Pliny's right...babies sleep but start a routine, anyway. Keep in mind, tho', even if you wake her at the same time and do the same thing every single night...you may still end up with a 'cuddler'. Snarf does both: we let him out in our hedgie-proofed livingroom every night around 8. He wanders around for a bit...then plays "Hide n' Seek"? "Tag? "I Hate Your Smell"? I dunno what you'd call it - he runs up to me...sniffs me...then runs away double-time...runs back to me...sniffs me...repeat over and over and over... :? I don't know if I'm s'posed to chase him or pet him or what....?? Anyway...then he crawls into the sleeping bag we have shmushed in our wall unit for him and sleeps until I return his to his home.


----------



## Nebular (Dec 28, 2010)

My little Norman is 14 weeks old. I wake him up on a regular basis every evening for some social time. Even though the time never changes, he's not always expecting the little disturbance. Some nights he's groggy but is perfectly happy to walk on to my hands for a pick up. Other nights he starts off partially balled up and huffing, but comes out of it as soon as I pick him up. So getting them up at a regular time doesn't mean they'll always react the same way. :lol:

He's a bit of an explorer, but he's a cuddler through and through. He loves to find a dark place by crawling into my hoddie or the part of my shirt I fold over for him to hide in and snuggle up in my lap, either taking the chance to nap, or just enjoying being petted and fussed over.

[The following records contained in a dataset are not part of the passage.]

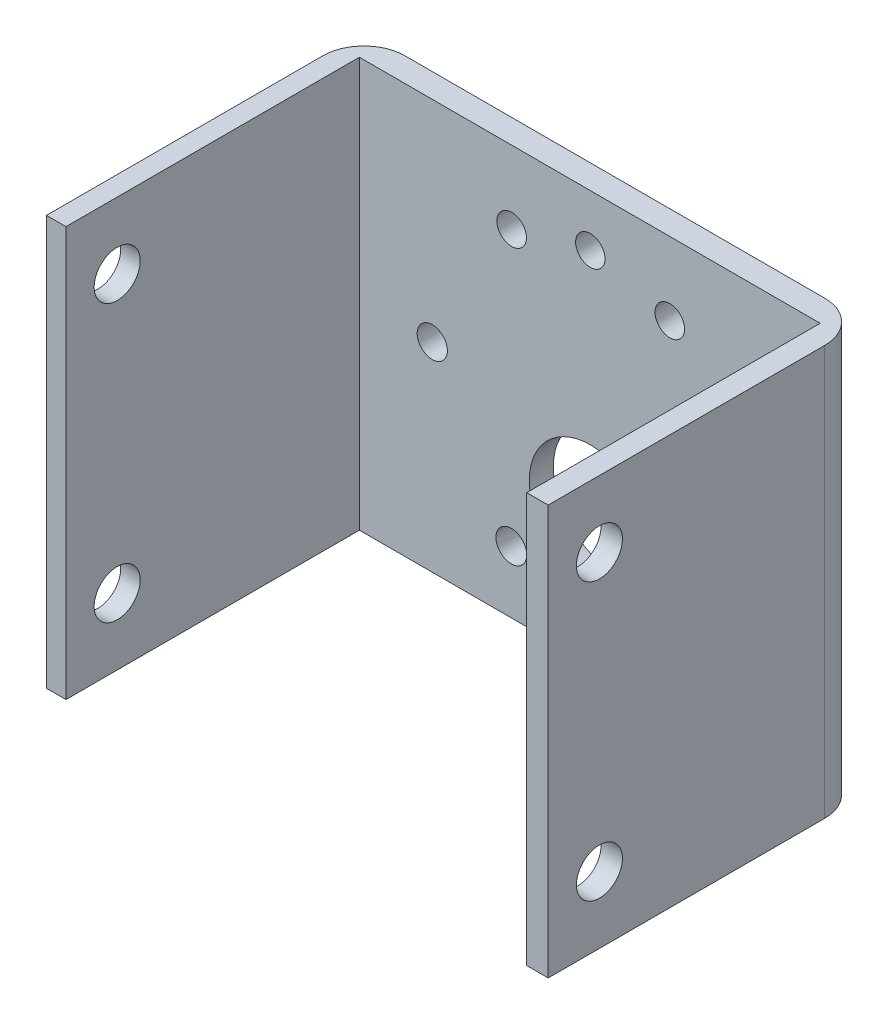
ISO-10303-21;
HEADER;
FILE_DESCRIPTION(('STEP AP214'),'2;1');
FILE_NAME('part.step','',(''),(''),'','','');
FILE_SCHEMA(('AUTOMOTIVE_DESIGN { 1 0 10303 214 1 1 1 1 }'));
ENDSEC;
DATA;
#1=APPLICATION_CONTEXT('core data for automotive mechanical design processes');
#2=APPLICATION_PROTOCOL_DEFINITION('international standard','automotive_design',2000,#1);
#3=PRODUCT_CONTEXT('',#1,'mechanical');
#4=PRODUCT('Part','Part','',(#3));
#5=PRODUCT_RELATED_PRODUCT_CATEGORY('part','',(#4));
#6=PRODUCT_DEFINITION_FORMATION('','',#4);
#7=PRODUCT_DEFINITION_CONTEXT('part definition',#1,'design');
#8=PRODUCT_DEFINITION('design','',#6,#7);
#9=PRODUCT_DEFINITION_SHAPE('','',#8);
#10=(LENGTH_UNIT() NAMED_UNIT(*) SI_UNIT(.MILLI.,.METRE.));
#11=(NAMED_UNIT(*) PLANE_ANGLE_UNIT() SI_UNIT($,.RADIAN.));
#12=(NAMED_UNIT(*) SI_UNIT($,.STERADIAN.) SOLID_ANGLE_UNIT());
#13=UNCERTAINTY_MEASURE_WITH_UNIT(LENGTH_MEASURE(1.E-05),#10,'distance_accuracy_value','');
#14=(GEOMETRIC_REPRESENTATION_CONTEXT(3) GLOBAL_UNCERTAINTY_ASSIGNED_CONTEXT((#13)) GLOBAL_UNIT_ASSIGNED_CONTEXT((#10,
#11,#12)) REPRESENTATION_CONTEXT('',''));
#15=CARTESIAN_POINT('',(0.,0.,0.));
#16=DIRECTION('',(0.,0.,1.));
#17=DIRECTION('',(1.,0.,0.));
#18=AXIS2_PLACEMENT_3D('',#15,#16,#17);
#19=CARTESIAN_POINT('',(22.2141703778084,40.,15.5));
#20=DIRECTION('',(0.,0.,-1.));
#21=DIRECTION('',(-1.,0.,0.));
#22=AXIS2_PLACEMENT_3D('',#19,#20,#21);
#23=PLANE('',#22);
#24=DIRECTION('',(1.,0.,0.));
#25=VECTOR('',#24,1.);
#26=CARTESIAN_POINT('',(22.2141703778084,40.,15.5));
#27=LINE('',#26,#25);
#28=CARTESIAN_POINT('',(22.4041703778084,40.,15.5));
#29=VERTEX_POINT('',#28);
#30=CARTESIAN_POINT('',(24.5,40.,15.5));
#31=VERTEX_POINT('',#30);
#32=EDGE_CURVE('E125',#29,#31,#27,.T.);
#33=ORIENTED_EDGE('',*,*,#32,.F.);
#34=DIRECTION('',(0.,-1.,0.));
#35=VECTOR('',#34,1.);
#36=CARTESIAN_POINT('',(22.4041703778084,463.,15.5));
#37=LINE('',#36,#35);
#38=CARTESIAN_POINT('',(22.4041703778084,0.,15.5));
#39=VERTEX_POINT('',#38);
#40=EDGE_CURVE('E135',#29,#39,#37,.T.);
#41=ORIENTED_EDGE('',*,*,#40,.T.);
#42=DIRECTION('',(1.,0.,0.));
#43=VECTOR('',#42,1.);
#44=CARTESIAN_POINT('',(22.2141703778084,0.,15.5));
#45=LINE('',#44,#43);
#46=CARTESIAN_POINT('',(24.5,0.,15.5));
#47=VERTEX_POINT('',#46);
#48=EDGE_CURVE('E140',#39,#47,#45,.T.);
#49=ORIENTED_EDGE('',*,*,#48,.T.);
#50=DIRECTION('',(0.,-1.,0.));
#51=VECTOR('',#50,1.);
#52=CARTESIAN_POINT('',(24.5,40.,15.5));
#53=LINE('',#52,#51);
#54=EDGE_CURVE('E203',#31,#47,#53,.T.);
#55=ORIENTED_EDGE('',*,*,#54,.F.);
#56=EDGE_LOOP('',(#33,#41,#49,#55));
#57=FACE_BOUND('',#56,.T.);
#58=ADVANCED_FACE('F36',(#57),#23,.F.);
#59=CARTESIAN_POINT('',(24.5,40.,-15.5));
#60=DIRECTION('',(-1.,0.,0.));
#61=DIRECTION('',(0.,0.,1.));
#62=AXIS2_PLACEMENT_3D('',#59,#60,#61);
#63=PLANE('',#62);
#64=CARTESIAN_POINT('',(24.5,6.5,10.5));
#65=DIRECTION('',(-1.,0.,0.));
#66=DIRECTION('',(0.,0.,1.));
#67=AXIS2_PLACEMENT_3D('',#64,#65,#66);
#68=CIRCLE('',#67,2.25);
#69=CARTESIAN_POINT('',(24.5,6.5,12.75));
#70=VERTEX_POINT('',#69);
#71=EDGE_CURVE('E173',#70,#70,#68,.T.);
#72=ORIENTED_EDGE('',*,*,#71,.T.);
#73=EDGE_LOOP('',(#72));
#74=FACE_BOUND('',#73,.T.);
#75=CARTESIAN_POINT('',(24.5,33.5,10.5));
#76=DIRECTION('',(-1.,0.,0.));
#77=DIRECTION('',(0.,0.,1.));
#78=AXIS2_PLACEMENT_3D('',#75,#76,#77);
#79=CIRCLE('',#78,2.25);
#80=CARTESIAN_POINT('',(24.5,33.5,12.75));
#81=VERTEX_POINT('',#80);
#82=EDGE_CURVE('E168',#81,#81,#79,.T.);
#83=ORIENTED_EDGE('',*,*,#82,.T.);
#84=EDGE_LOOP('',(#83));
#85=FACE_BOUND('',#84,.T.);
#86=DIRECTION('',(0.,0.,-1.));
#87=VECTOR('',#86,1.);
#88=CARTESIAN_POINT('',(24.5,0.,-15.5));
#89=LINE('',#88,#87);
#90=CARTESIAN_POINT('',(24.5,0.,-11.5));
#91=VERTEX_POINT('',#90);
#92=EDGE_CURVE('E191',#47,#91,#89,.T.);
#93=ORIENTED_EDGE('',*,*,#92,.T.);
#94=DIRECTION('',(0.,-1.,0.));
#95=VECTOR('',#94,1.);
#96=CARTESIAN_POINT('',(24.5,40.,-11.5));
#97=LINE('',#96,#95);
#98=CARTESIAN_POINT('',(24.5,40.,-11.5));
#99=VERTEX_POINT('',#98);
#100=EDGE_CURVE('E215',#91,#99,#97,.F.);
#101=ORIENTED_EDGE('',*,*,#100,.T.);
#102=DIRECTION('',(0.,0.,-1.));
#103=VECTOR('',#102,1.);
#104=CARTESIAN_POINT('',(24.5,40.,-15.5));
#105=LINE('',#104,#103);
#106=EDGE_CURVE('E177',#31,#99,#105,.T.);
#107=ORIENTED_EDGE('',*,*,#106,.F.);
#108=ORIENTED_EDGE('',*,*,#54,.T.);
#109=EDGE_LOOP('',(#93,#101,#107,#108));
#110=FACE_BOUND('',#109,.T.);
#111=ADVANCED_FACE('F260',(#74,#85,#110),#63,.F.);
#112=CARTESIAN_POINT('',(-24.5,40.,-15.5));
#113=DIRECTION('',(0.,0.,1.));
#114=DIRECTION('',(1.,0.,0.));
#115=AXIS2_PLACEMENT_3D('',#112,#113,#114);
#116=PLANE('',#115);
#117=CARTESIAN_POINT('',(-15.4751976460516,19.465354549289,-15.5));
#118=DIRECTION('',(0.,0.,-1.));
#119=DIRECTION('',(-1.,0.,0.));
#120=AXIS2_PLACEMENT_3D('',#117,#118,#119);
#121=CIRCLE('',#120,1.47560441927066);
#122=CARTESIAN_POINT('',(-16.9508020653222,19.465354549289,-15.5));
#123=VERTEX_POINT('',#122);
#124=EDGE_CURVE('E229',#123,#123,#121,.T.);
#125=ORIENTED_EDGE('',*,*,#124,.F.);
#126=EDGE_LOOP('',(#125));
#127=FACE_BOUND('',#126,.T.);
#128=CARTESIAN_POINT('',(-7.72259205509794,32.8759218055574,-15.5));
#129=DIRECTION('',(0.,0.,-1.));
#130=DIRECTION('',(-1.,0.,0.));
#131=AXIS2_PLACEMENT_3D('',#128,#129,#130);
#132=CIRCLE('',#131,1.44518411019594);
#133=CARTESIAN_POINT('',(-9.16777616529388,32.8759218055574,-15.5));
#134=VERTEX_POINT('',#133);
#135=EDGE_CURVE('E377',#134,#134,#132,.T.);
#136=ORIENTED_EDGE('',*,*,#135,.F.);
#137=EDGE_LOOP('',(#136));
#138=FACE_BOUND('',#137,.T.);
#139=CARTESIAN_POINT('',(7.72259205509795,32.8759218055574,-15.5));
#140=DIRECTION('',(0.,0.,-1.));
#141=DIRECTION('',(-1.,0.,0.));
#142=AXIS2_PLACEMENT_3D('',#139,#140,#141);
#143=CIRCLE('',#142,1.44518411019594);
#144=CARTESIAN_POINT('',(6.27740794490201,32.8759218055574,-15.5));
#145=VERTEX_POINT('',#144);
#146=EDGE_CURVE('E374',#145,#145,#143,.T.);
#147=ORIENTED_EDGE('',*,*,#146,.F.);
#148=EDGE_LOOP('',(#147));
#149=FACE_BOUND('',#148,.T.);
#150=CARTESIAN_POINT('',(7.7526009269815,6.07211293079628,-15.5));
#151=DIRECTION('',(0.,0.,-1.));
#152=DIRECTION('',(-1.,0.,0.));
#153=AXIS2_PLACEMENT_3D('',#150,#151,#152);
#154=CIRCLE('',#153,1.5);
#155=CARTESIAN_POINT('',(6.2526009269815,6.07211293079628,-15.5));
#156=VERTEX_POINT('',#155);
#157=EDGE_CURVE('E370',#156,#156,#154,.T.);
#158=ORIENTED_EDGE('',*,*,#157,.F.);
#159=EDGE_LOOP('',(#158));
#160=FACE_BOUND('',#159,.T.);
#161=CARTESIAN_POINT('',(15.4751976460516,19.465354549289,-15.5));
#162=DIRECTION('',(0.,0.,-1.));
#163=DIRECTION('',(-1.,0.,0.));
#164=AXIS2_PLACEMENT_3D('',#161,#162,#163);
#165=CIRCLE('',#164,1.46320376411556);
#166=CARTESIAN_POINT('',(14.011993881936,19.465354549289,-15.5));
#167=VERTEX_POINT('',#166);
#168=EDGE_CURVE('E364',#167,#167,#165,.T.);
#169=ORIENTED_EDGE('',*,*,#168,.F.);
#170=EDGE_LOOP('',(#169));
#171=FACE_BOUND('',#170,.T.);
#172=CARTESIAN_POINT('',(0.,3.99015690323744,-15.5));
#173=DIRECTION('',(0.,0.,-1.));
#174=DIRECTION('',(-1.,0.,0.));
#175=AXIS2_PLACEMENT_3D('',#172,#173,#174);
#176=CIRCLE('',#175,1.5);
#177=CARTESIAN_POINT('',(-1.49999999999999,3.99015690323744,-15.5));
#178=VERTEX_POINT('',#177);
#179=EDGE_CURVE('E367',#178,#178,#176,.T.);
#180=ORIENTED_EDGE('',*,*,#179,.F.);
#181=EDGE_LOOP('',(#180));
#182=FACE_BOUND('',#181,.T.);
#183=CARTESIAN_POINT('',(-0.0421418164080409,34.9349375124211,-15.5));
#184=DIRECTION('',(0.,0.,-1.));
#185=DIRECTION('',(-1.,0.,0.));
#186=AXIS2_PLACEMENT_3D('',#183,#184,#185);
#187=CIRCLE('',#186,1.43493751242113);
#188=CARTESIAN_POINT('',(-1.47707932882917,34.9349375124211,-15.5));
#189=VERTEX_POINT('',#188);
#190=EDGE_CURVE('E380',#189,#189,#187,.T.);
#191=ORIENTED_EDGE('',*,*,#190,.F.);
#192=EDGE_LOOP('',(#191));
#193=FACE_BOUND('',#192,.T.);
#194=CARTESIAN_POINT('',(-7.75259589553919,6.07211001837609,-15.5));
#195=DIRECTION('',(0.,0.,-1.));
#196=DIRECTION('',(-1.,0.,0.));
#197=AXIS2_PLACEMENT_3D('',#194,#195,#196);
#198=CIRCLE('',#197,1.50519179107846);
#199=CARTESIAN_POINT('',(-9.25778768661766,6.07211001837609,-15.5));
#200=VERTEX_POINT('',#199);
#201=EDGE_CURVE('E373',#200,#200,#198,.T.);
#202=ORIENTED_EDGE('',*,*,#201,.F.);
#203=EDGE_LOOP('',(#202));
#204=FACE_BOUND('',#203,.T.);
#205=CARTESIAN_POINT('',(0.,12.5,-15.5));
#206=DIRECTION('',(0.,0.,-1.));
#207=DIRECTION('',(-1.,0.,0.));
#208=AXIS2_PLACEMENT_3D('',#205,#206,#207);
#209=CIRCLE('',#208,6.);
#210=CARTESIAN_POINT('',(-6.,12.5,-15.5));
#211=VERTEX_POINT('',#210);
#212=EDGE_CURVE('E145',#211,#211,#209,.T.);
#213=ORIENTED_EDGE('',*,*,#212,.F.);
#214=EDGE_LOOP('',(#213));
#215=FACE_BOUND('',#214,.T.);
#216=DIRECTION('',(-1.,0.,0.));
#217=VECTOR('',#216,1.);
#218=CARTESIAN_POINT('',(-24.5,40.,-15.5));
#219=LINE('',#218,#217);
#220=CARTESIAN_POINT('',(20.5,40.,-15.5));
#221=VERTEX_POINT('',#220);
#222=CARTESIAN_POINT('',(-20.5,40.,-15.5));
#223=VERTEX_POINT('',#222);
#224=EDGE_CURVE('E180',#221,#223,#219,.T.);
#225=ORIENTED_EDGE('',*,*,#224,.F.);
#226=DIRECTION('',(0.,-1.,0.));
#227=VECTOR('',#226,1.);
#228=CARTESIAN_POINT('',(20.5,40.,-15.5));
#229=LINE('',#228,#227);
#230=CARTESIAN_POINT('',(20.5,0.,-15.5));
#231=VERTEX_POINT('',#230);
#232=EDGE_CURVE('E208',#221,#231,#229,.T.);
#233=ORIENTED_EDGE('',*,*,#232,.T.);
#234=DIRECTION('',(-1.,0.,0.));
#235=VECTOR('',#234,1.);
#236=CARTESIAN_POINT('',(-24.5,0.,-15.5));
#237=LINE('',#236,#235);
#238=CARTESIAN_POINT('',(-20.5,0.,-15.5));
#239=VERTEX_POINT('',#238);
#240=EDGE_CURVE('E194',#231,#239,#237,.T.);
#241=ORIENTED_EDGE('',*,*,#240,.T.);
#242=DIRECTION('',(0.,-1.,0.));
#243=VECTOR('',#242,1.);
#244=CARTESIAN_POINT('',(-20.5,40.,-15.5));
#245=LINE('',#244,#243);
#246=EDGE_CURVE('E206',#239,#223,#245,.F.);
#247=ORIENTED_EDGE('',*,*,#246,.T.);
#248=EDGE_LOOP('',(#225,#233,#241,#247));
#249=FACE_BOUND('',#248,.T.);
#250=ADVANCED_FACE('F256',(#127,#138,#149,#160,#171,#182,#193,#204,#215,#249),#116,.F.);
#251=CARTESIAN_POINT('',(-24.5,40.,-15.5));
#252=DIRECTION('',(1.,0.,0.));
#253=DIRECTION('',(0.,0.,-1.));
#254=AXIS2_PLACEMENT_3D('',#251,#252,#253);
#255=PLANE('',#254);
#256=CARTESIAN_POINT('',(-24.5,6.5,10.5));
#257=DIRECTION('',(-1.,0.,0.));
#258=DIRECTION('',(0.,0.,1.));
#259=AXIS2_PLACEMENT_3D('',#256,#257,#258);
#260=CIRCLE('',#259,2.25);
#261=CARTESIAN_POINT('',(-24.5,6.5,12.75));
#262=VERTEX_POINT('',#261);
#263=EDGE_CURVE('E165',#262,#262,#260,.T.);
#264=ORIENTED_EDGE('',*,*,#263,.F.);
#265=EDGE_LOOP('',(#264));
#266=FACE_BOUND('',#265,.T.);
#267=CARTESIAN_POINT('',(-24.5,33.5,10.5));
#268=DIRECTION('',(-1.,0.,0.));
#269=DIRECTION('',(0.,0.,1.));
#270=AXIS2_PLACEMENT_3D('',#267,#268,#269);
#271=CIRCLE('',#270,2.25);
#272=CARTESIAN_POINT('',(-24.5,33.5,12.75));
#273=VERTEX_POINT('',#272);
#274=EDGE_CURVE('E164',#273,#273,#271,.T.);
#275=ORIENTED_EDGE('',*,*,#274,.F.);
#276=EDGE_LOOP('',(#275));
#277=FACE_BOUND('',#276,.T.);
#278=DIRECTION('',(0.,0.,1.));
#279=VECTOR('',#278,1.);
#280=CARTESIAN_POINT('',(-24.5,40.,-15.5));
#281=LINE('',#280,#279);
#282=CARTESIAN_POINT('',(-24.5,40.,-11.5));
#283=VERTEX_POINT('',#282);
#284=CARTESIAN_POINT('',(-24.5,40.,15.5));
#285=VERTEX_POINT('',#284);
#286=EDGE_CURVE('E182',#283,#285,#281,.T.);
#287=ORIENTED_EDGE('',*,*,#286,.F.);
#288=DIRECTION('',(0.,-1.,0.));
#289=VECTOR('',#288,1.);
#290=CARTESIAN_POINT('',(-24.5,40.,-11.5));
#291=LINE('',#290,#289);
#292=CARTESIAN_POINT('',(-24.5,0.,-11.5));
#293=VERTEX_POINT('',#292);
#294=EDGE_CURVE('E11',#283,#293,#291,.T.);
#295=ORIENTED_EDGE('',*,*,#294,.T.);
#296=DIRECTION('',(0.,0.,1.));
#297=VECTOR('',#296,1.);
#298=CARTESIAN_POINT('',(-24.5,0.,-15.5));
#299=LINE('',#298,#297);
#300=CARTESIAN_POINT('',(-24.5,0.,15.5));
#301=VERTEX_POINT('',#300);
#302=EDGE_CURVE('E197',#293,#301,#299,.T.);
#303=ORIENTED_EDGE('',*,*,#302,.T.);
#304=DIRECTION('',(0.,-1.,0.));
#305=VECTOR('',#304,1.);
#306=CARTESIAN_POINT('',(-24.5,40.,15.5));
#307=LINE('',#306,#305);
#308=EDGE_CURVE('E189',#285,#301,#307,.T.);
#309=ORIENTED_EDGE('',*,*,#308,.F.);
#310=EDGE_LOOP('',(#287,#295,#303,#309));
#311=FACE_BOUND('',#310,.T.);
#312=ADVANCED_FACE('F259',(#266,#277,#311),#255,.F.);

He'll occasionally get the urge to get up and wander around the couch for a couple of minutes, but he always crawls back up into my lap a few minutes later to resume snuggling.

Like Pliny said, you must just have an extreme cuddler like mine.


----------



## Kobe (Feb 16, 2011)

Haha sounds good! :lol: 

I think i can live with a cuddler  

Thanks!


----------